■ **Work to complete**
Look below for the line containing "#238=VECTOR('',#237,1.);"; from there, print each line exactly up to and including the line containing "#248=EDGE_CURVE('E256',#29,#135,#247,.T.);", and stop.

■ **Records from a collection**

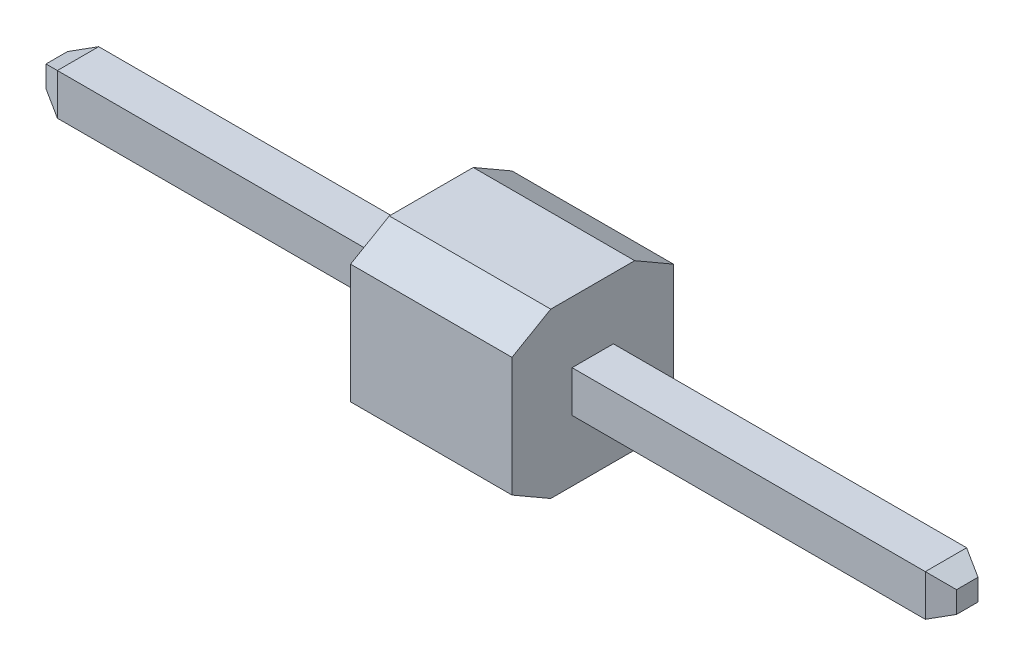
ISO-10303-21;
HEADER;
FILE_DESCRIPTION(('STEP AP214'),'2;1');
FILE_NAME('part.step','',(''),(''),'','','');
FILE_SCHEMA(('AUTOMOTIVE_DESIGN { 1 0 10303 214 1 1 1 1 }'));
ENDSEC;
DATA;
#1=APPLICATION_CONTEXT('core data for automotive mechanical design processes');
#2=APPLICATION_PROTOCOL_DEFINITION('international standard','automotive_design',2000,#1);
#3=PRODUCT_CONTEXT('',#1,'mechanical');
#4=PRODUCT('Part','Part','',(#3));
#5=PRODUCT_RELATED_PRODUCT_CATEGORY('part','',(#4));
#6=PRODUCT_DEFINITION_FORMATION('','',#4);
#7=PRODUCT_DEFINITION_CONTEXT('part definition',#1,'design');
#8=PRODUCT_DEFINITION('design','',#6,#7);
#9=PRODUCT_DEFINITION_SHAPE('','',#8);
#10=(LENGTH_UNIT() NAMED_UNIT(*) SI_UNIT(.MILLI.,.METRE.));
#11=(NAMED_UNIT(*) PLANE_ANGLE_UNIT() SI_UNIT($,.RADIAN.));
#12=(NAMED_UNIT(*) SI_UNIT($,.STERADIAN.) SOLID_ANGLE_UNIT());
#13=UNCERTAINTY_MEASURE_WITH_UNIT(LENGTH_MEASURE(1.E-05),#10,'distance_accuracy_value','');
#14=(GEOMETRIC_REPRESENTATION_CONTEXT(3) GLOBAL_UNCERTAINTY_ASSIGNED_CONTEXT((#13)) GLOBAL_UNIT_ASSIGNED_CONTEXT((#10,
#11,#12)) REPRESENTATION_CONTEXT('',''));
#15=CARTESIAN_POINT('',(0.,0.,0.));
#16=DIRECTION('',(0.,0.,1.));
#17=DIRECTION('',(1.,0.,0.));
#18=AXIS2_PLACEMENT_3D('',#15,#16,#17);
#19=CARTESIAN_POINT('',(5.42107539978359,-2.22288427394286,-2.77112037351091));
#20=DIRECTION('',(1.,-9.93476518829084E-08,4.37113882867379E-08));
#21=DIRECTION('',(-9.93476589883358E-08,-1.,8.74227765734759E-08));
#22=AXIS2_PLACEMENT_3D('',#19,#20,#21);
#23=PLANE('',#22);
#24=DIRECTION('',(-1.18186619959243E-08,-0.50000007571054,-0.866025360072933));
#25=VECTOR('',#24,1.);
#26=CARTESIAN_POINT('',(5.42107520760898,-3.46647397517509,-1.20112026479284));
#27=LINE('',#26,#25);
#28=CARTESIAN_POINT('',(5.42107520760898,-3.46647397517509,-1.20112026479284));
#29=VERTEX_POINT('',#28);
#30=CARTESIAN_POINT('',(5.42107519942078,-3.81288418914276,-1.8011202345087));
#31=VERTEX_POINT('',#30);
#32=EDGE_CURVE('E11',#29,#31,#27,.T.);
#33=ORIENTED_EDGE('',*,*,#32,.T.);
#34=DIRECTION('',(4.37113811813104E-08,-8.74227828590458E-08,-0.999999999999995));
#35=VECTOR('',#34,1.);
#36=CARTESIAN_POINT('',(5.42107519942078,-3.81288418914276,-1.8011202345087));
#37=LINE('',#36,#35);
#38=CARTESIAN_POINT('',(5.42107525624557,-3.81288430279238,-3.1011202345087));
#39=VERTEX_POINT('',#38);
#40=EDGE_CURVE('E304',#31,#39,#37,.T.);
#41=ORIENTED_EDGE('',*,*,#40,.T.);
#42=DIRECTION('',(8.75289950709518E-08,0.499999924289835,-0.866025447495714));
#43=VECTOR('',#42,1.);
#44=CARTESIAN_POINT('',(5.42107525624557,-3.81288430279238,-3.1011202345087));
#45=LINE('',#44,#43);
#46=CARTESIAN_POINT('',(5.42107531688744,-3.46647419373205,-3.70112026479284));
#47=VERTEX_POINT('',#46);
#48=EDGE_CURVE('E296',#39,#47,#45,.T.);
#49=ORIENTED_EDGE('',*,*,#48,.T.);
#50=DIRECTION('',(9.93476593246923E-08,0.999999999999991,-8.7422776482468E-08));
#51=VECTOR('',#50,1.);
#52=CARTESIAN_POINT('',(5.42107531688744,-3.46647419373205,-3.70112026479284));
#53=LINE('',#52,#51);
#54=CARTESIAN_POINT('',(5.42107550040041,-1.61929451676605,-3.70112042627841));
#55=VERTEX_POINT('',#54);
#56=EDGE_CURVE('E281',#47,#55,#53,.T.);
#57=ORIENTED_EDGE('',*,*,#56,.T.);
#58=DIRECTION('',(-1.18186619958731E-08,-0.500000075710537,-0.866025360072935));
#59=VECTOR('',#58,1.);
#60=CARTESIAN_POINT('',(5.42107550858862,-1.27288430279238,-3.10112045656255));
#61=LINE('',#60,#59);
#62=CARTESIAN_POINT('',(5.42107550858862,-1.27288430279238,-3.10112045656255));
#63=VERTEX_POINT('',#62);
#64=EDGE_CURVE('E265',#63,#55,#61,.T.);
#65=ORIENTED_EDGE('',*,*,#64,.F.);
#66=DIRECTION('',(4.37113811813104E-08,-8.74227828590458E-08,-0.999999999999995));
#67=VECTOR('',#66,1.);
#68=CARTESIAN_POINT('',(5.42107545176383,-1.27288418914276,-1.80112045656255));
#69=LINE('',#68,#67);
#70=CARTESIAN_POINT('',(5.42107545176383,-1.27288418914276,-1.80112045656255));
#71=VERTEX_POINT('',#70);
#72=EDGE_CURVE('E248',#71,#63,#69,.T.);
#73=ORIENTED_EDGE('',*,*,#72,.F.);
#74=DIRECTION('',(8.75289950705729E-08,0.499999924289834,-0.866025447495714));
#75=VECTOR('',#74,1.);
#76=CARTESIAN_POINT('',(5.42107539112196,-1.61929429820909,-1.20112042627841));
#77=LINE('',#76,#75);
#78=CARTESIAN_POINT('',(5.42107539112196,-1.61929429820909,-1.20112042627841));
#79=VERTEX_POINT('',#78);
#80=EDGE_CURVE('E242',#79,#71,#77,.T.);
#81=ORIENTED_EDGE('',*,*,#80,.F.);
#82=DIRECTION('',(9.93476593246923E-08,0.999999999999991,-8.7422776482468E-08));
#83=VECTOR('',#82,1.);
#84=CARTESIAN_POINT('',(5.42107520760898,-3.46647397517509,-1.20112026479284));
#85=LINE('',#84,#83);
#86=EDGE_CURVE('E236',#29,#79,#85,.T.);
#87=ORIENTED_EDGE('',*,*,#86,.F.);
#88=EDGE_LOOP('',(#33,#41,#49,#57,#65,#73,#81,#87));
#89=FACE_BOUND('',#88,.T.);
#90=DIRECTION('',(-4.37113803486431E-08,8.74227829017466E-08,0.999999999999995));
#91=VECTOR('',#90,1.);
#92=CARTESIAN_POINT('',(5.42107533620109,-2.86288427394286,-2.77112031756034));
#93=LINE('',#92,#91);
#94=CARTESIAN_POINT('',(5.42107533620109,-2.86288427394286,-2.77112031756034));
#95=VERTEX_POINT('',#94);
#96=CARTESIAN_POINT('',(5.42107530822581,-2.86288421799228,-2.13112031756034));
#97=VERTEX_POINT('',#96);
#98=EDGE_CURVE('E302',#95,#97,#93,.T.);
#99=ORIENTED_EDGE('',*,*,#98,.T.);
#100=DIRECTION('',(-9.93476592658906E-08,-0.999999999999991,8.74227766567418E-08));
#101=VECTOR('',#100,1.);
#102=CARTESIAN_POINT('',(5.42107537180831,-2.22288421799228,-2.13112037351091));
#103=LINE('',#102,#101);
#104=CARTESIAN_POINT('',(5.42107537180831,-2.22288421799228,-2.13112037351091));
#105=VERTEX_POINT('',#104);
#106=EDGE_CURVE('E293',#105,#97,#103,.T.);
#107=ORIENTED_EDGE('',*,*,#106,.F.);
#108=DIRECTION('',(-4.37113803486431E-08,8.74227829017466E-08,0.999999999999995));
#109=VECTOR('',#108,1.);
#110=CARTESIAN_POINT('',(5.42107539978359,-2.22288427394286,-2.77112037351091));
#111=LINE('',#110,#109);
#112=CARTESIAN_POINT('',(5.42107539978359,-2.22288427394286,-2.77112037351091));
#113=VERTEX_POINT('',#112);
#114=EDGE_CURVE('E278',#113,#105,#111,.T.);
#115=ORIENTED_EDGE('',*,*,#114,.F.);
#116=DIRECTION('',(-9.93476592658906E-08,-0.999999999999991,8.74227766567418E-08));
#117=VECTOR('',#116,1.);
#118=CARTESIAN_POINT('',(5.42107539978359,-2.22288427394286,-2.77112037351091));
#119=LINE('',#118,#117);
#120=EDGE_CURVE('E263',#113,#95,#119,.T.);
#121=ORIENTED_EDGE('',*,*,#120,.T.);
#122=EDGE_LOOP('',(#99,#107,#115,#121));
#123=FACE_BOUND('',#122,.T.);
#124=ADVANCED_FACE('F17',(#89,#123),#23,.T.);
#125=CARTESIAN_POINT('',(2.92107539978359,-2.22288402557373,-2.77112048278938));
#126=DIRECTION('',(1.,-9.93476518829084E-08,4.37113882867379E-08));
#127=DIRECTION('',(-9.93476589883358E-08,-1.,8.74227765734759E-08));
#128=AXIS2_PLACEMENT_3D('',#125,#126,#127);
#129=PLANE('',#128);
#130=DIRECTION('',(-1.18186632778994E-08,-0.50000007571054,-0.866025360072933));
#131=VECTOR('',#130,1.);
#132=CARTESIAN_POINT('',(2.92107520760898,-3.46647372680596,-1.20112037407131));
#133=LINE('',#132,#131);
#134=CARTESIAN_POINT('',(2.92107520760898,-3.46647372680596,-1.20112037407131));
#135=VERTEX_POINT('',#134);
#136=CARTESIAN_POINT('',(2.92107519942077,-3.81288394077363,-1.80112034378717));
#137=VERTEX_POINT('',#136);
#138=EDGE_CURVE('E24',#135,#137,#133,.T.);
#139=ORIENTED_EDGE('',*,*,#138,.F.);
#140=DIRECTION('',(9.93476588438628E-08,0.999999999999991,-8.7422776482468E-08));
#141=VECTOR('',#140,1.);
#142=CARTESIAN_POINT('',(2.92107520760898,-3.46647372680596,-1.20112037407131));
#143=LINE('',#142,#141);
#144=CARTESIAN_POINT('',(2.92107539112196,-1.61929404983996,-1.20112053555688));
#145=VERTEX_POINT('',#144);
#146=EDGE_CURVE('E300',#135,#145,#143,.T.);
#147=ORIENTED_EDGE('',*,*,#146,.T.);
#148=DIRECTION('',(8.7528996352548E-08,0.499999924289834,-0.866025447495714));
#149=VECTOR('',#148,1.);
#150=CARTESIAN_POINT('',(2.92107539112196,-1.61929404983996,-1.20112053555688));
#151=LINE('',#150,#149);
#152=CARTESIAN_POINT('',(2.92107545176383,-1.27288394077363,-1.80112056584102));
#153=VERTEX_POINT('',#152);
#154=EDGE_CURVE('E286',#145,#153,#151,.T.);
#155=ORIENTED_EDGE('',*,*,#154,.T.);
#156=DIRECTION('',(4.37113811813104E-08,-8.74227828590458E-08,-0.999999999999995));
#157=VECTOR('',#156,1.);
#158=CARTESIAN_POINT('',(2.92107545176383,-1.27288394077363,-1.80112056584102));
#159=LINE('',#158,#157);
#160=CARTESIAN_POINT('',(2.92107550858862,-1.27288405442325,-3.10112056584102));
#161=VERTEX_POINT('',#160);
#162=EDGE_CURVE('E271',#153,#161,#159,.T.);
#163=ORIENTED_EDGE('',*,*,#162,.T.);
#164=DIRECTION('',(-1.18186632778483E-08,-0.500000075710537,-0.866025360072935));
#165=VECTOR('',#164,1.);
#166=CARTESIAN_POINT('',(2.92107550858862,-1.27288405442325,-3.10112056584102));
#167=LINE('',#166,#165);
#168=CARTESIAN_POINT('',(2.92107550040041,-1.61929426839692,-3.70112053555688));
#169=VERTEX_POINT('',#168);
#170=EDGE_CURVE('E253',#161,#169,#167,.T.);
#171=ORIENTED_EDGE('',*,*,#170,.T.);
#172=DIRECTION('',(9.93476588438628E-08,0.999999999999991,-8.7422776482468E-08));
#173=VECTOR('',#172,1.);
#174=CARTESIAN_POINT('',(2.92107531688744,-3.46647394536292,-3.70112037407131));
#175=LINE('',#174,#173);
#176=CARTESIAN_POINT('',(2.92107531688744,-3.46647394536292,-3.70112037407131));
#177=VERTEX_POINT('',#176);
#178=EDGE_CURVE('E261',#177,#169,#175,.T.);
#179=ORIENTED_EDGE('',*,*,#178,.F.);
#180=DIRECTION('',(8.75289963529269E-08,0.499999924289835,-0.866025447495714));
#181=VECTOR('',#180,1.);
#182=CARTESIAN_POINT('',(2.92107525624557,-3.81288405442325,-3.10112034378717));
#183=LINE('',#182,#181);
#184=CARTESIAN_POINT('',(2.92107525624557,-3.81288405442325,-3.10112034378717));
#185=VERTEX_POINT('',#184);
#186=EDGE_CURVE('E276',#185,#177,#183,.T.);
#187=ORIENTED_EDGE('',*,*,#186,.F.);
#188=DIRECTION('',(4.37113811813104E-08,-8.74227828590458E-08,-0.999999999999995));
#189=VECTOR('',#188,1.);
#190=CARTESIAN_POINT('',(2.92107519942077,-3.81288394077363,-1.80112034378717));
#191=LINE('',#190,#189);
#192=EDGE_CURVE('E291',#137,#185,#191,.T.);
#193=ORIENTED_EDGE('',*,*,#192,.F.);
#194=EDGE_LOOP('',(#139,#147,#155,#163,#171,#179,#187,#193));
#195=FACE_BOUND('',#194,.T.);
#196=DIRECTION('',(-9.93476585720012E-08,-0.999999999999991,8.74227766567418E-08));
#197=VECTOR('',#196,1.);
#198=CARTESIAN_POINT('',(2.92107537180831,-2.22288396962315,-2.13112048278938));
#199=LINE('',#198,#197);
#200=CARTESIAN_POINT('',(2.92107537180831,-2.22288396962315,-2.13112048278938));
#201=VERTEX_POINT('',#200);
#202=CARTESIAN_POINT('',(2.92107530822581,-2.86288396962315,-2.13112042683881));
#203=VERTEX_POINT('',#202);
#204=EDGE_CURVE('E298',#201,#203,#199,.T.);
#205=ORIENTED_EDGE('',*,*,#204,.T.);
#206=DIRECTION('',(-4.37113810425325E-08,8.74227829017466E-08,0.999999999999995));
#207=VECTOR('',#206,1.);
#208=CARTESIAN_POINT('',(2.92107533620109,-2.86288402557373,-2.77112042683881));
#209=LINE('',#208,#207);
#210=CARTESIAN_POINT('',(2.92107533620109,-2.86288402557373,-2.77112042683881));
#211=VERTEX_POINT('',#210);
#212=EDGE_CURVE('E283',#211,#203,#209,.T.);
#213=ORIENTED_EDGE('',*,*,#212,.F.);
#214=DIRECTION('',(-9.93476585720012E-08,-0.999999999999991,8.74227766567418E-08));
#215=VECTOR('',#214,1.);
#216=CARTESIAN_POINT('',(2.92107539978359,-2.22288402557373,-2.77112048278938));
#217=LINE('',#216,#215);
#218=CARTESIAN_POINT('',(2.92107539978359,-2.22288402557373,-2.77112048278938));
#219=VERTEX_POINT('',#218);
#220=EDGE_CURVE('E268',#219,#211,#217,.T.);
#221=ORIENTED_EDGE('',*,*,#220,.F.);
#222=DIRECTION('',(-4.37113810425325E-08,8.74227829017466E-08,0.999999999999995));
#223=VECTOR('',#222,1.);
#224=CARTESIAN_POINT('',(2.92107539978359,-2.22288402557373,-2.77112048278938));
#225=LINE('',#224,#223);
#226=EDGE_CURVE('E251',#219,#201,#225,.T.);
#227=ORIENTED_EDGE('',*,*,#226,.T.);
#228=EDGE_LOOP('',(#205,#213,#221,#227));
#229=FACE_BOUND('',#228,.T.);
#230=ADVANCED_FACE('F314',(#195,#229),#129,.F.);
#231=CARTESIAN_POINT('',(5.42107520760898,-3.46647397517509,-1.20112026479284));
#232=DIRECTION('',(1.07893287081065E-07,0.866025360072937,-0.500000075710535));
#233=DIRECTION('',(1.18186629566715E-08,0.500000075710542,0.866025360072941));
#234=AXIS2_PLACEMENT_3D('',#231,#232,#233);
#235=PLANE('',#234);
#236=ORIENTED_EDGE('',*,*,#138,.T.);
#237=DIRECTION('',(-0.999999999999994,9.93476518829078E-08,-4.37113883755555E-08));
#238=VECTOR('',#237,1.);
#239=CARTESIAN_POINT('',(5.42107519942078,-3.81288418914276,-1.8011202345087));
#240=LINE('',#239,#238);
#241=EDGE_CURVE('E288',#31,#137,#240,.T.);
#242=ORIENTED_EDGE('',*,*,#241,.F.);
#243=ORIENTED_EDGE('',*,*,#32,.F.);
#244=DIRECTION('',(-0.999999999999994,9.93476525934506E-08,-4.3711388109102E-08));
#245=VECTOR('',#244,1.);
#246=CARTESIAN_POINT('',(5.42107520760898,-3.46647397517509,-1.20112026479284));
#247=LINE('',#246,#245);
#248=EDGE_CURVE('E256',#29,#135,#247,.T.);
#249=ORIENTED_EDGE('',*,*,#248,.T.);
#250=EDGE_LOOP('',(#236,#242,#243,#249));
#251=FACE_BOUND('',#250,.T.);
#252=ADVANCED_FACE('F306',(#251),#235,.F.);
#253=CARTESIAN_POINT('',(5.42107519942078,-3.81288418914276,-1.8011202345087));
#254=DIRECTION('',(9.93476589883358E-08,1.,-8.74227765734759E-08));
#255=DIRECTION('',(1.,-9.93476518829084E-08,4.37113882867379E-08));
#256=AXIS2_PLACEMENT_3D('',#253,#254,#255);
#257=PLANE('',#256);
#258=ORIENTED_EDGE('',*,*,#192,.T.);
#259=DIRECTION('',(-0.999999999999994,9.93476518829078E-08,-4.37113884643734E-08));
#260=VECTOR('',#259,1.);
#261=CARTESIAN_POINT('',(5.42107525624557,-3.81288430279238,-3.1011202345087));
#262=LINE('',#261,#260);
#263=EDGE_CURVE('E273',#39,#185,#262,.T.);
#264=ORIENTED_EDGE('',*,*,#263,.F.);
#265=ORIENTED_EDGE('',*,*,#40,.F.);
#266=ORIENTED_EDGE('',*,*,#241,.T.);
#267=EDGE_LOOP('',(#258,#264,#265,#266));
#268=FACE_BOUND('',#267,.T.);
#269=ADVANCED_FACE('F311',(#268),#257,.F.);
#270=CARTESIAN_POINT('',(5.42107525624557,-3.81288430279238,-3.1011202345087));
#271=DIRECTION('',(6.41819058997377E-08,0.866025447495721,0.499999924289845));
#272=DIRECTION('',(-8.7528996031702E-08,-0.499999924289838,0.866025447495717));
#273=AXIS2_PLACEMENT_3D('',#270,#271,#272);
#274=PLANE('',#273);
#275=ORIENTED_EDGE('',*,*,#186,.T.);
#276=DIRECTION('',(-0.999999999999994,9.93476525934506E-08,-4.37113882867377E-08));
#277=VECTOR('',#276,1.);
#278=CARTESIAN_POINT('',(5.42107531688744,-3.46647419373205,-3.70112026479284));
#279=LINE('',#278,#277);
#280=EDGE_CURVE('E258',#47,#177,#279,.T.);
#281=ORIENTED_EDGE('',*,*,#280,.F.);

■ **Exercise solution**
#238=VECTOR('',#237,1.);
#239=CARTESIAN_POINT('',(5.42107519942078,-3.81288418914276,-1.8011202345087));
#240=LINE('',#239,#238);
#241=EDGE_CURVE('E288',#31,#137,#240,.T.);
#242=ORIENTED_EDGE('',*,*,#241,.F.);
#243=ORIENTED_EDGE('',*,*,#32,.F.);
#244=DIRECTION('',(-0.999999999999994,9.93476525934506E-08,-4.3711388109102E-08));
#245=VECTOR('',#244,1.);
#246=CARTESIAN_POINT('',(5.42107520760898,-3.46647397517509,-1.20112026479284));
#247=LINE('',#246,#245);
#248=EDGE_CURVE('E256',#29,#135,#247,.T.);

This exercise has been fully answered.